Running Megatron GPT from NeMo, we seem to have issues with this line from Megatron core. Some context from the caller in this particular case might be illuminating.

[rank0]: Traceback (most recent call last):
[rank0]:   File "/home/tfogal/dev/nemo/examples/nlp/language_modeling/tuning/megatron_gpt_finetuning.py", line 88, in <module>
[rank0]:     main()
[rank0]:   File "/home/tfogal/dev/nemo/nemo/core/config/hydra_runner.py", line 129, in wrapper
[rank0]:     _run_hydra(
[rank0]:   File "/home/tfogal/env/lib/python3.10/site-packages/hydra/_internal/utils.py", line 394, in _run_hydra
[rank0]:     _run_app(
[rank0]:   File "/home/tfogal/env/lib/python3.10/site-packages/hydra/_internal/utils.py", line 457, in _run_app
[rank0]:     run_and_report(
[rank0]:   File "/home/tfogal/env/lib/python3.10/site-packages/hydra/_internal/utils.py", line 223, in run_and_report
[rank0]:     raise ex
[rank0]:   File "/home/tfogal/env/lib/python3.10/site-packages/hydra/_internal/utils.py", line 220, in run_and_report
[rank0]:     return func()
[rank0]:   File "/home/tfogal/env/lib/python3.10/site-packages/hydra/_internal/utils.py", line 458, in <lambda>
[rank0]:     lambda: hydra.run(
[rank0]:   File "/home/tfogal/env/lib/python3.10/site-packages/hydra/_internal/hydra.py", line 132, in run
[rank0]:     _ = ret.return_value
[rank0]:   File "/home/tfogal/env/lib/python3.10/site-packages/hydra/core/utils.py", line 260, in return_value
[rank0]:     raise self._return_value
[rank0]:   File "/home/tfogal/env/lib/python3.10/site-packages/hydra/core/utils.py", line 186, in run_job
[rank0]:     ret.return_value = task_function(task_cfg)

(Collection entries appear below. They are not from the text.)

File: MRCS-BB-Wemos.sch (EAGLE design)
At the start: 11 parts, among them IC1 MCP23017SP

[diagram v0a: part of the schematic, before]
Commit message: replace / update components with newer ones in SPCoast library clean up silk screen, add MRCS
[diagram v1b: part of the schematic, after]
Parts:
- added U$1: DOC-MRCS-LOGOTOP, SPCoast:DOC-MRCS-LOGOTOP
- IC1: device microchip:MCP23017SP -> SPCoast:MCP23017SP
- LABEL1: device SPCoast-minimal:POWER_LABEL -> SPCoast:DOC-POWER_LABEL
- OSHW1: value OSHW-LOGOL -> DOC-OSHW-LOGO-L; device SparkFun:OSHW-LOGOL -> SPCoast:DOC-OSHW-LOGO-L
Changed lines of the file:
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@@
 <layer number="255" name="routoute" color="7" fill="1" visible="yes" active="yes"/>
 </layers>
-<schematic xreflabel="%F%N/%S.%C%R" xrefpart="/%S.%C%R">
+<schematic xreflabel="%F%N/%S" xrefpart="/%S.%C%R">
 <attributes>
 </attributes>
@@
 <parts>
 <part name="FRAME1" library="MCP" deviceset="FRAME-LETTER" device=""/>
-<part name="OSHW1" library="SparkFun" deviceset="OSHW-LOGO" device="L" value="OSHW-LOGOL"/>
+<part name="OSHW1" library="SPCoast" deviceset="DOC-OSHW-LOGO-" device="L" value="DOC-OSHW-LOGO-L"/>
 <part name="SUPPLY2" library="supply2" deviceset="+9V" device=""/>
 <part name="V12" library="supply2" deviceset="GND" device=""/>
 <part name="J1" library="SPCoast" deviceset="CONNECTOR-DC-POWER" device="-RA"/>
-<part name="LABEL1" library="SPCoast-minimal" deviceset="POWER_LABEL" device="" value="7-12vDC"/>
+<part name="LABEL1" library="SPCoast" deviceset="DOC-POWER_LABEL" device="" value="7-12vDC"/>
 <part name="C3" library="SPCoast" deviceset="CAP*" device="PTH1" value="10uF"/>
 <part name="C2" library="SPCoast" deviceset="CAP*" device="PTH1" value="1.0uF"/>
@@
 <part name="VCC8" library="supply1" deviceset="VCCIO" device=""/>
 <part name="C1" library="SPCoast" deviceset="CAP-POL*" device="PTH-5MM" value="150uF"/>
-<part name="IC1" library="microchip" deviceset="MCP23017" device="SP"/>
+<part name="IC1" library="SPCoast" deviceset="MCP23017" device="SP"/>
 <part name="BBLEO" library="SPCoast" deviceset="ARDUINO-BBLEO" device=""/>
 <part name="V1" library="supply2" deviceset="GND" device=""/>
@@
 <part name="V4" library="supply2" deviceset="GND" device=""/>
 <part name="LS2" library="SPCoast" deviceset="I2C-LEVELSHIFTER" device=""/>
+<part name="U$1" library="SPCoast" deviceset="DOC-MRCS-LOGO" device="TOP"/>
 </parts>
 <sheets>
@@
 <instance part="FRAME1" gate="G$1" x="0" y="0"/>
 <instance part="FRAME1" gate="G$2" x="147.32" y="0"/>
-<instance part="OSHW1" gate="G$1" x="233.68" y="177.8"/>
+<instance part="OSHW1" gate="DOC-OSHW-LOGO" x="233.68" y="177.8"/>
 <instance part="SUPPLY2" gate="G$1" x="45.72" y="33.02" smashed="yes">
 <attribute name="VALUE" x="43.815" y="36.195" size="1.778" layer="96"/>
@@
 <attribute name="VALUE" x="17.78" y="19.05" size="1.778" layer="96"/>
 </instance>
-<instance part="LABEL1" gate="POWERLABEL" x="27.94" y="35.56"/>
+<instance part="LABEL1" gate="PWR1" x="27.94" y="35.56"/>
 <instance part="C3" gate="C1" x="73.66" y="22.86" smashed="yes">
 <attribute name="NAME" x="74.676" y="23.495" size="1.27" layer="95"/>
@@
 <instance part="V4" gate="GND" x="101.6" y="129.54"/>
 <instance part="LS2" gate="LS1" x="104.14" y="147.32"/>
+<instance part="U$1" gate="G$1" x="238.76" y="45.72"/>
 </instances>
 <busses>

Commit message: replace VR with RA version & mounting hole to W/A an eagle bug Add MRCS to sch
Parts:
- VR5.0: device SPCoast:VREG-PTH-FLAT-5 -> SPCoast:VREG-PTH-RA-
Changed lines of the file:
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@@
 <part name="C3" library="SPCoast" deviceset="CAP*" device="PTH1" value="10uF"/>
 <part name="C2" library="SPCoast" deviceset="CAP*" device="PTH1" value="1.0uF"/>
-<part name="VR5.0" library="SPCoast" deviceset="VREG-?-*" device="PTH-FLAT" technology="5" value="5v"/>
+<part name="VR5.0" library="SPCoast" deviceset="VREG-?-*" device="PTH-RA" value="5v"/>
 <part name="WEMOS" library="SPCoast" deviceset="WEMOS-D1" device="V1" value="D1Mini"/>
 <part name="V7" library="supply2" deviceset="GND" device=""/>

[rank0]:   File "/home/tfogal/dev/nemo/examples/nlp/language_modeling/tuning/megatron_gpt_finetuning.py", line 84, in main
[rank0]:     trainer.fit(model)
[rank0]:   File "/usr/local/lib/python3.10/dist-packages/pytorch_lightning/trainer/trainer.py", line 543, in fit
[rank0]:     call._call_and_handle_interrupt(
[rank0]:   File "/usr/local/lib/python3.10/dist-packages/pytorch_lightning/trainer/call.py", line 43, in _call_and_handle_interrupt
[rank0]:     return trainer.strategy.launcher.launch(trainer_fn, *args, trainer=trainer, **kwargs)
[rank0]:   File "/usr/local/lib/python3.10/dist-packages/pytorch_lightning/strategies/launchers/subprocess_script.py", line 105, in launch
[rank0]:     return function(*args, **kwargs)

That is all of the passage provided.